Then the radiance touched at her heart and her brain, moving within her. Maybe some day she could become bright and shining all at once, as though at the very touch of another with herself. But now she was like a house with all its rooms dark from the beginning, and someone would have to go slowly from room to room, slowly and darkly, leaving each one lighted behind, before going to the next. It was not caution or distrust that was in herself, it was only a sense of journey, of something that might happen. She herself did not know what might lie ahead, she had never seen herself. She looked outward with the sense of rightful space and time within her, which must be traversed before she could be known at all. And what she would reveal in the end was not herself, but the way of the traveler.
catching up
The transition from being on the river to being here at Montalvo, and the various adventures that happened in between the two places, has definitely broken my posting rhythm, and I MISS being here with you! Funny how this blog feels like an actual place to me, different from email or phone or Facebook or whatever other forms of communication we might use together. I want to see if we can continue the conversation here, although my guess is that it will be different now that I’m in one place for a while and writing music again.
Before I do anything else, I want to just give you a short picture of where I’ve been for the last several weeks.
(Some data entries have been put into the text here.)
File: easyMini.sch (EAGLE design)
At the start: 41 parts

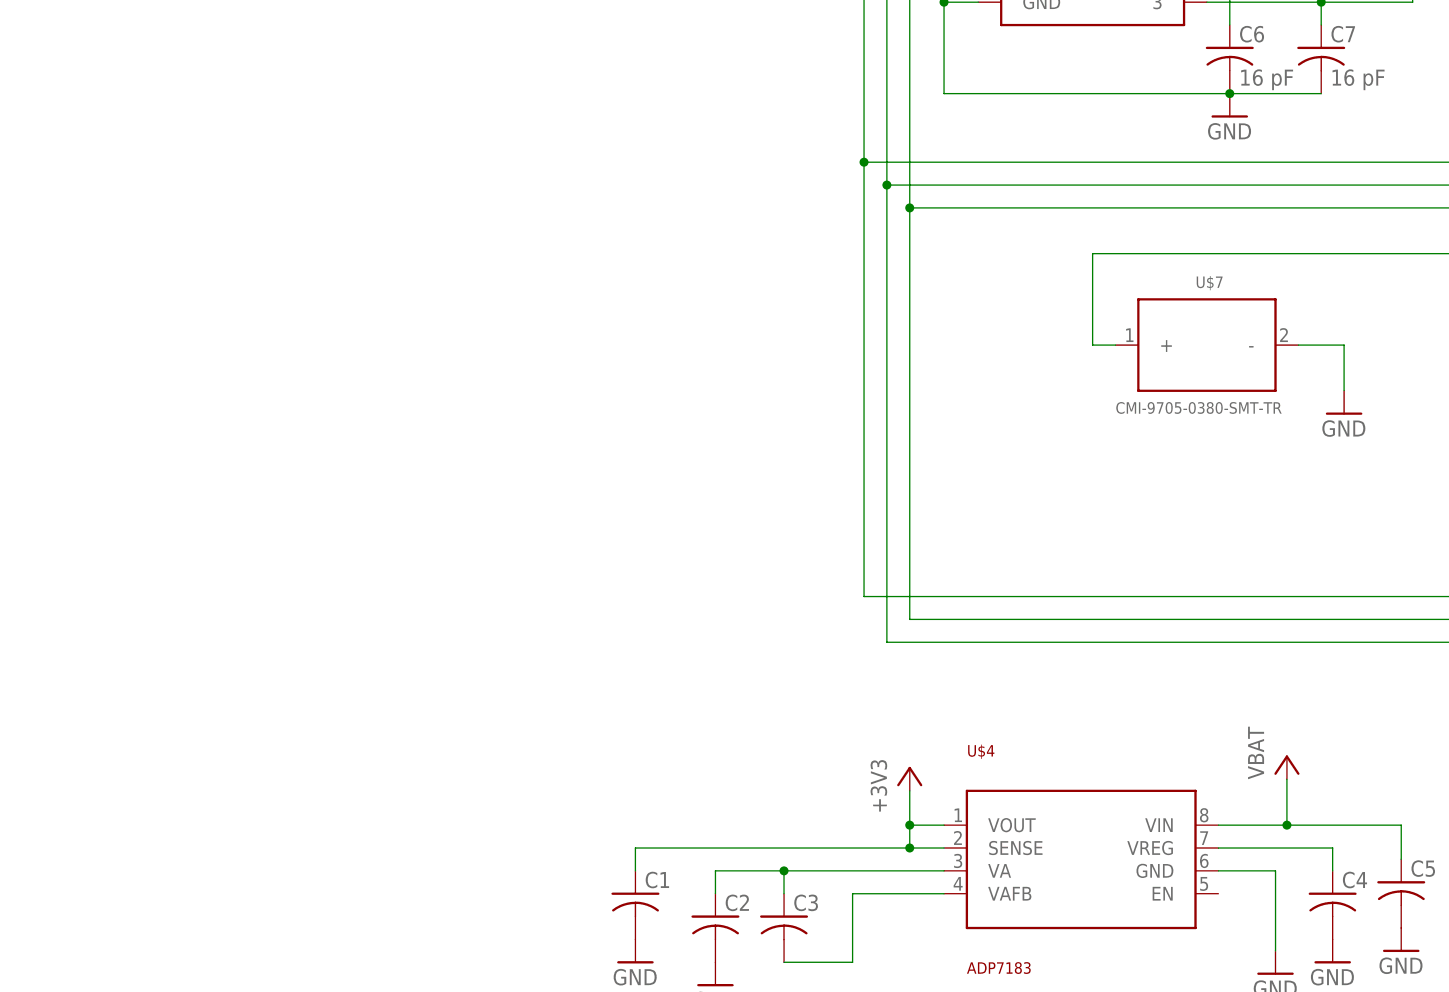
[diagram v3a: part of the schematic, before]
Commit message: Added reverse polarity protection and battery/switch connectors. Continued board design organization:
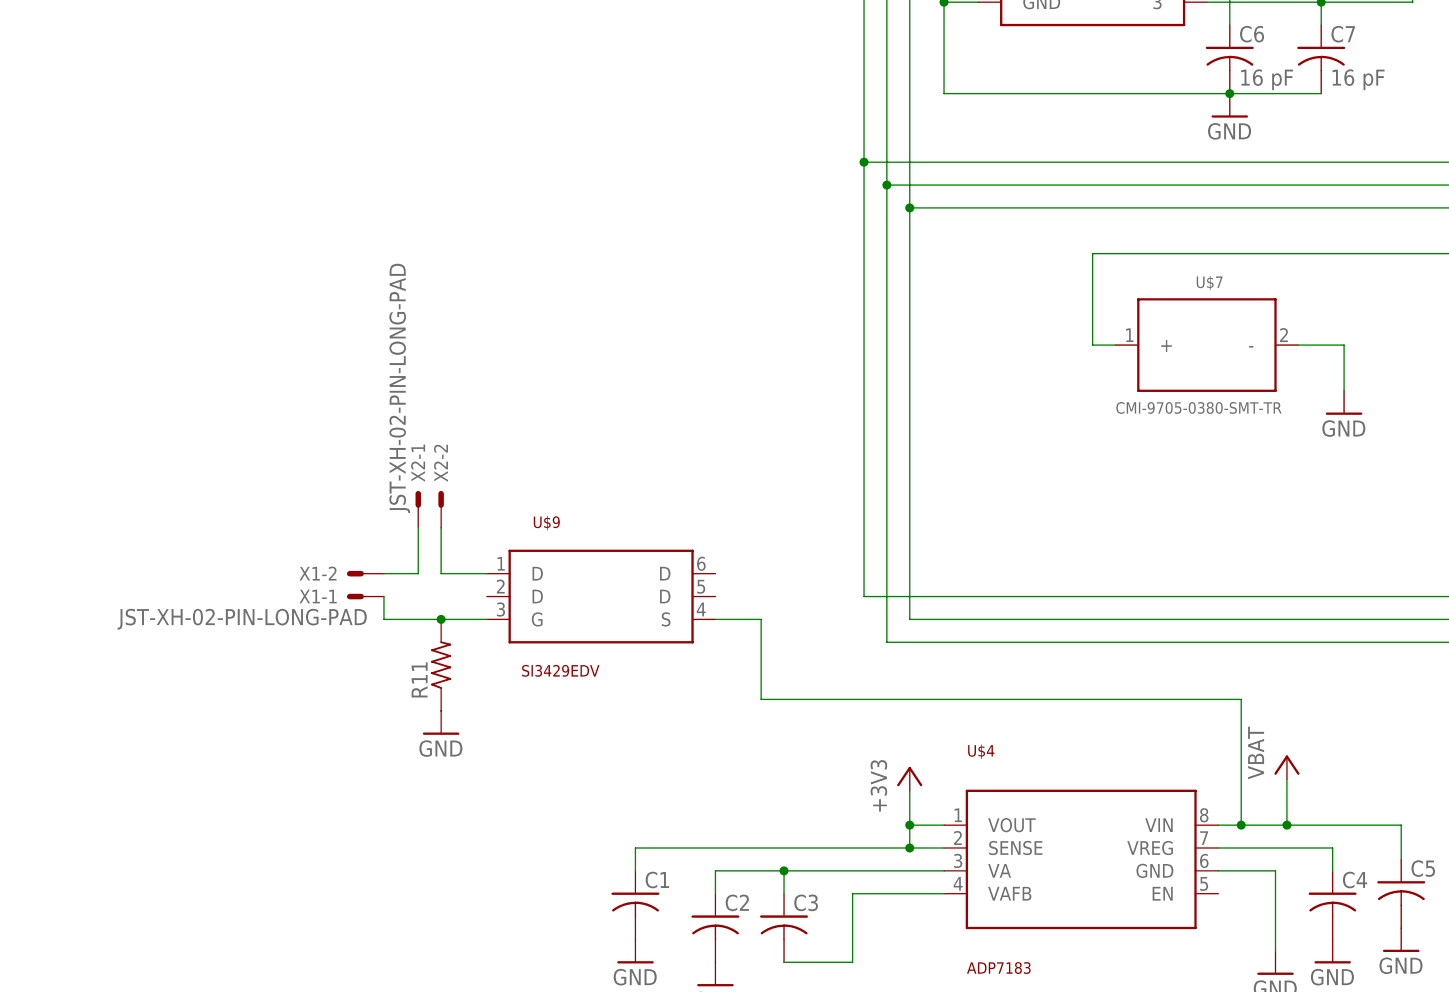
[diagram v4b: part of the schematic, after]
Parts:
- added R11: (no value), rcl:R-US_M0805
- added U$9: SI3429EDV, generalUse:SI3429EDV
- added X1, X2: JST-XH-02-PIN-LONG-PAD, Rembrandt Electronics - JST XH Connectors v1-0:JST-XH-02-PIN-LONG-PAD
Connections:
- new net N$23: X1-2.S, X2-1.S
- new net N$26: R11.2, U$9.G, X1-1.S
- new net N$27: U$9.D@1, X2-2.S
- net GND: now also R11.1
- net VCC: now also U$9.S
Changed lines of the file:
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@@
 <part name="GND23" library="supply1" library_urn="urn:adsk.eagle:library:371" deviceset="GND" device=""/>
 <part name="+3V8" library="supply1" library_urn="urn:adsk.eagle:library:371" deviceset="+3V3" device="" value="VBAT"/>
+<part name="X1" library="Rembrandt Electronics - JST XH Connectors v1-0" deviceset="JST-XH-02-PIN" device="-LONG-PAD"/>
+<part name="U$9" library="generalUse" deviceset="SI3429EDV" device=""/>
+<part name="R11" library="rcl" library_urn="urn:adsk.eagle:library:334" deviceset="R-US_" device="M0805" package3d_urn="urn:adsk.eagle:package:23556/2"/>
+<part name="GND24" library="supply1" library_urn="urn:adsk.eagle:library:371" deviceset="GND" device=""/>
+<part name="X2" library="Rembrandt Electronics - JST XH Connectors v1-0" deviceset="JST-XH-02-PIN" device="-LONG-PAD"/>
 </parts>
 <sheets>
@@
 <instance part="+3V8" gate="G$1" x="205.74" y="-12.7" smashed="yes">
 <attribute name="VALUE" x="203.2" y="-17.78" size="1.778" layer="96" rot="R90"/>
+</instance>
+<instance part="X1" gate="-2" x="-147.32" y="-50.8" smashed="yes" rot="R180">
+<attribute name="NAME" x="-149.86" y="-50.038" size="1.524" layer="95" rot="R180"/>
+</instance>
+<instance part="X1" gate="-1" x="-147.32" y="-53.34" smashed="yes" rot="R180">
+<attribute name="NAME" x="-149.86" y="-52.578" size="1.524" layer="95" rot="R180"/>
+<attribute name="VALUE" x="-146.558" y="-54.737" size="1.778" layer="96" rot="R180"/>
+</instance>
+<instance part="U$9" gate="G$1" x="-120.65" y="-53.34" smashed="yes">
+<attribute name="NAME" x="-128.27" y="-45.72" size="1.27" layer="94"/>
+<attribute name="VALUE" x="-129.54" y="-62.23" size="1.27" layer="94"/>
+</instance>
+<instance part="R11" gate="G$1" x="-138.43" y="-60.96" smashed="yes" rot="R90">
+<attribute name="NAME" x="-139.9286" y="-64.77" size="1.778" layer="95" rot="R90"/>
+<attribute name="VALUE" x="-135.128" y="-64.77" size="1.778" layer="96" rot="R90"/>
+</instance>
+<instance part="GND24" gate="1" x="-138.43" y="-68.58" smashed="yes">
+<attribute name="VALUE" x="-140.97" y="-71.12" size="1.778" layer="96"/>
+</instance>
+<instance part="X2" gate="-2" x="-138.43" y="-43.18" smashed="yes" rot="R90">
+<attribute name="NAME" x="-137.668" y="-40.64" size="1.524" layer="95" rot="R90"/>
+</instance>
+<instance part="X2" gate="-1" x="-140.97" y="-43.18" smashed="yes" rot="R90">
+<attribute name="NAME" x="-140.208" y="-40.64" size="1.524" layer="95" rot="R90"/>
+<attribute name="VALUE" x="-142.367" y="-43.942" size="1.778" layer="96" rot="R90"/>
 </instance>
 </instances>
@@
 <pinref part="C13" gate="G$1" pin="2"/>
 </segment>
+<segment>
+<pinref part="R11" gate="G$1" pin="1"/>
+<pinref part="GND24" gate="1" pin="GND"/>
+</segment>
 </net>
 <net name="+3V3" class="0">
@@
 <segment>
 <pinref part="U$4" gate="G$1" pin="VIN"/>
-<wire x1="-52.07" y1="-78.74" x2="-44.45" y2="-78.74" width="0.1524" layer="91"/>
+<wire x1="-52.07" y1="-78.74" x2="-49.53" y2="-78.74" width="0.1524" layer="91"/>
 <pinref part="P+1" gate="VCC" pin="VCC"/>
+<wire x1="-49.53" y1="-78.74" x2="-44.45" y2="-78.74" width="0.1524" layer="91"/>
 <wire x1="-44.45" y1="-73.66" x2="-44.45" y2="-78.74" width="0.1524" layer="91"/>
 <wire x1="-31.75" y1="-78.74" x2="-44.45" y2="-78.74" width="0.1524" layer="91"/>
@@
 <wire x1="-31.75" y1="-78.74" x2="-31.75" y2="-82.55" width="0.1524" layer="91"/>
 <pinref part="C5" gate="G$1" pin="1"/>
+<pinref part="U$9" gate="G$1" pin="S"/>
+<wire x1="-107.95" y1="-55.88" x2="-102.87" y2="-55.88" width="0.1524" layer="91"/>
+<wire x1="-102.87" y1="-55.88" x2="-102.87" y2="-64.77" width="0.1524" layer="91"/>
+<wire x1="-102.87" y1="-64.77" x2="-49.53" y2="-64.77" width="0.1524" layer="91"/>
+<wire x1="-49.53" y1="-64.77" x2="-49.53" y2="-78.74" width="0.1524" layer="91"/>
+<junction x="-49.53" y="-78.74"/>
 </segment>
 </net>
@@
 </segment>
 </net>
+<net name="N$26" class="0">
+<segment>
+<pinref part="X1" gate="-1" pin="S"/>
+<pinref part="U$9" gate="G$1" pin="G"/>
+<wire x1="-144.78" y1="-53.34" x2="-144.78" y2="-55.88" width="0.1524" layer="91"/>
+<wire x1="-144.78" y1="-55.88" x2="-138.43" y2="-55.88" width="0.1524" layer="91"/>
+<pinref part="R11" gate="G$1" pin="2"/>
+<wire x1="-138.43" y1="-55.88" x2="-133.35" y2="-55.88" width="0.1524" layer="91"/>
+<junction x="-138.43" y="-55.88"/>
+</segment>
+</net>
+<net name="N$23" class="0">
+<segment>
+<pinref part="X1" gate="-2" pin="S"/>
+<pinref part="X2" gate="-1" pin="S"/>
+<wire x1="-144.78" y1="-50.8" x2="-140.97" y2="-50.8" width="0.1524" layer="91"/>
+<wire x1="-140.97" y1="-50.8" x2="-140.97" y2="-45.72" width="0.1524" layer="91"/>
+</segment>
+</net>
+<net name="N$27" class="0">
+<segment>
+<pinref part="X2" gate="-2" pin="S"/>
+<wire x1="-138.43" y1="-45.72" x2="-138.43" y2="-50.8" width="0.1524" layer="91"/>
+<pinref part="U$9" gate="G$1" pin="D@1"/>
+<wire x1="-138.43" y1="-50.8" x2="-133.35" y2="-50.8" width="0.1524" layer="91"/>
+</segment>
+</net>

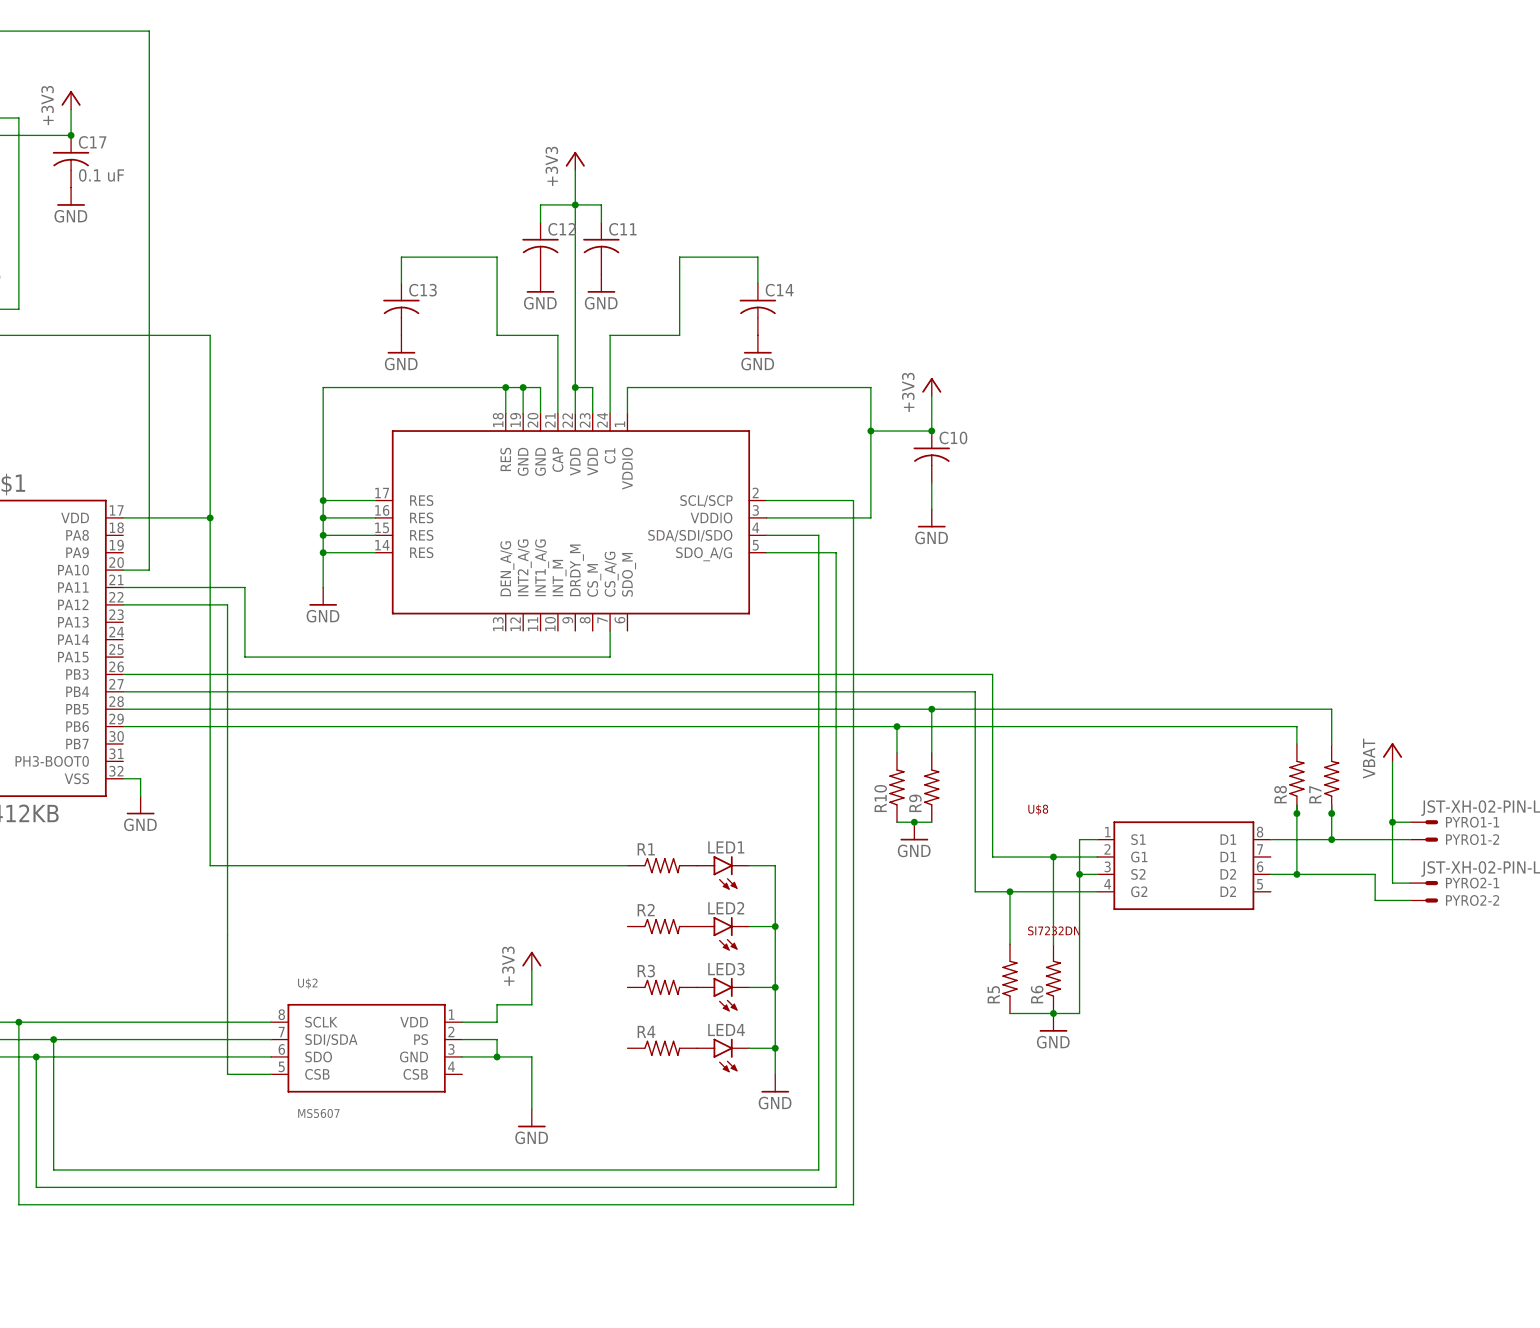
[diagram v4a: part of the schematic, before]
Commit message: Shrink board and organization of two layers into more sensible layout. Changed pins to allow USB addition on microcontroller.
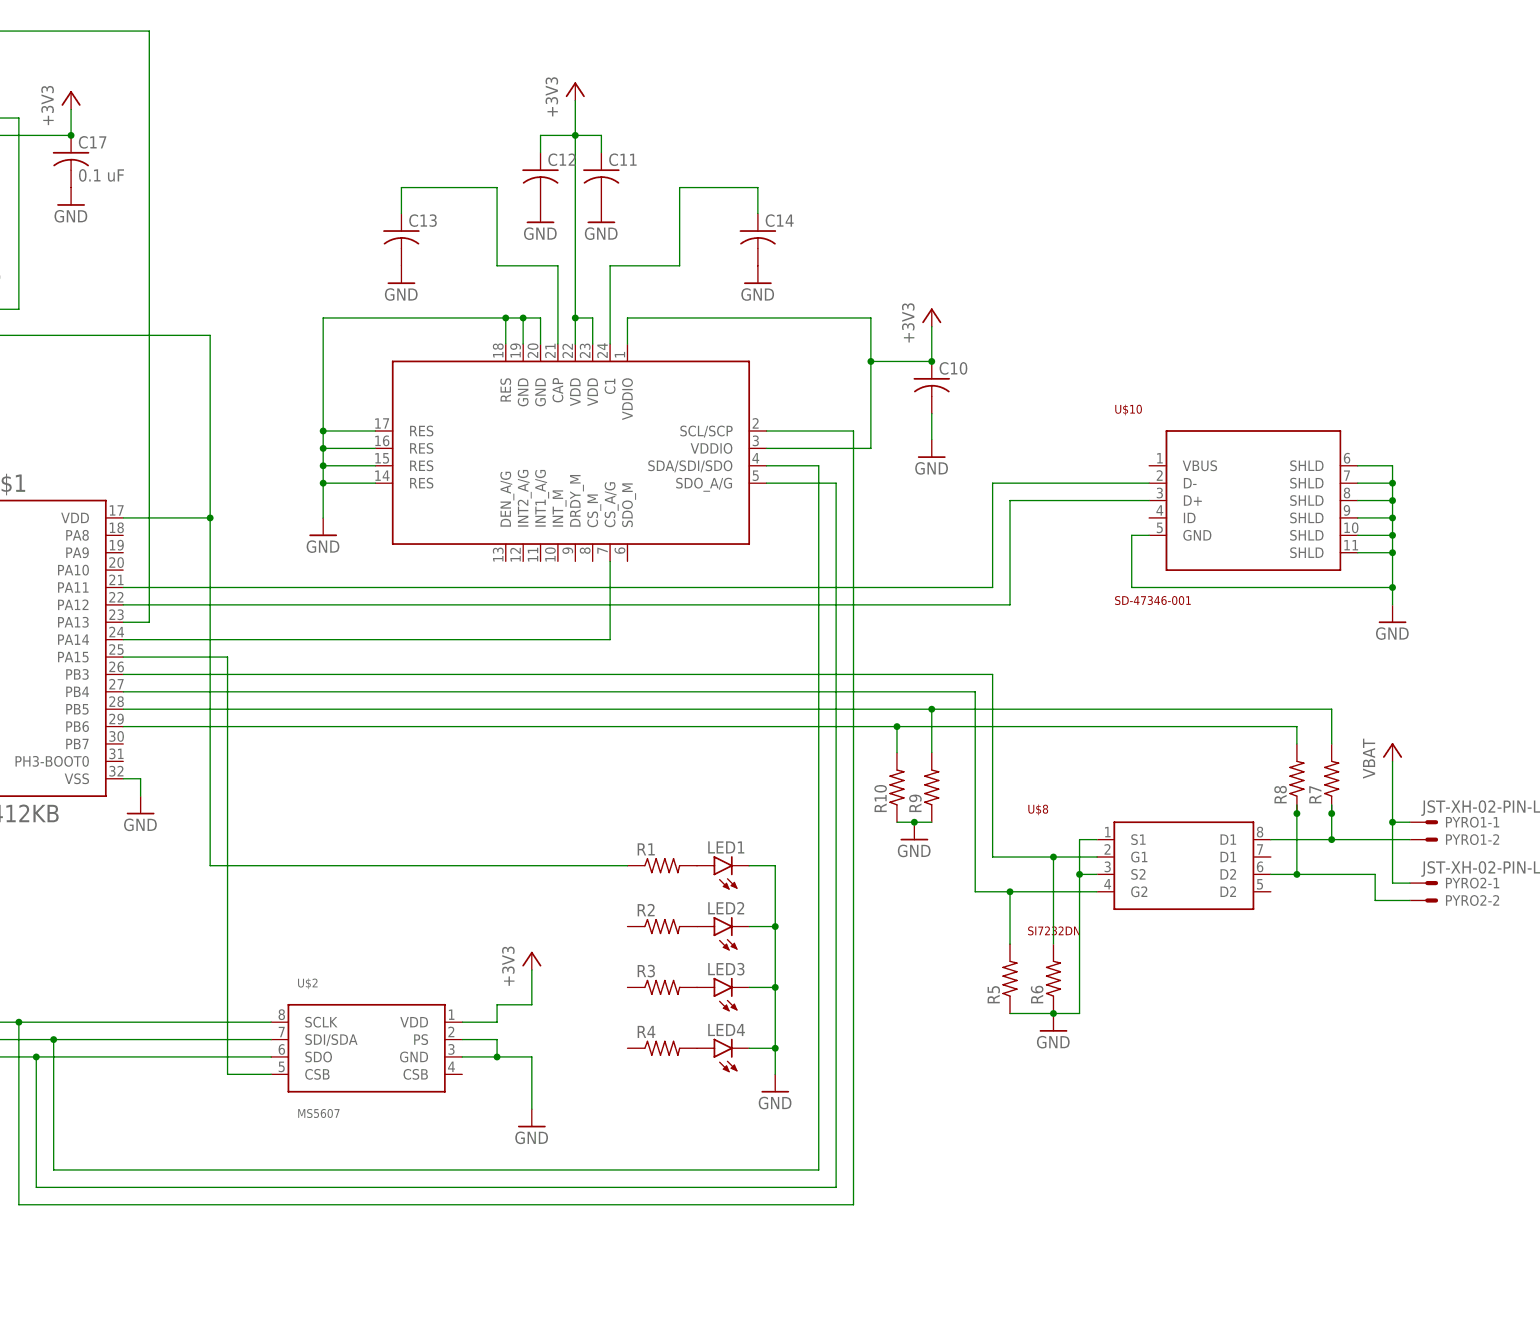
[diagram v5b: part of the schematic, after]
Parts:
- added U$10: SD-47346-001, generalUse:SD-47346-001
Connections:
- new net N$28: U$1.PA11, U$10.D-
- new net N$29: U$1.PA12, U$10.D+
- net GND: now also U$10.GND, U$10.SHLD@10, U$10.SHLD@11, U$10.SHLD@6, U$10.SHLD@7, U$10.SHLD@8, U$10.SHLD@9
- net N$15: now also U$1.PA14; no longer U$1.PA11
- net N$16: now also U$1.PA15; no longer U$1.PA12
- net N$9: now also U$1.PA13; no longer U$1.PA10
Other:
- moved on the sheet: C10, C11, C12, C13, C14

Mac and I had a few more days in New Orleans after my previous post, and we heard lots of wonderful music on Frenchman Street and at the weekend Gumbo Festival in a converted funeral parlor, we went to St. Augustine’s Catholic Church (with Linda Norton) and heard the Treme Brass Band again at the parish Christmas party, visited the African-American Museum and the Port of New Orleans and Brad Pitt’s new houses in the Ninth Ward, hung out with Scotty Heron, who generously sheltered us from the rain for a few nights, cheered for the Saints in R Bar, ate incredible meals and more beignets and coffee than should be legal, and altogether had an excellent time. Here are a very few photos.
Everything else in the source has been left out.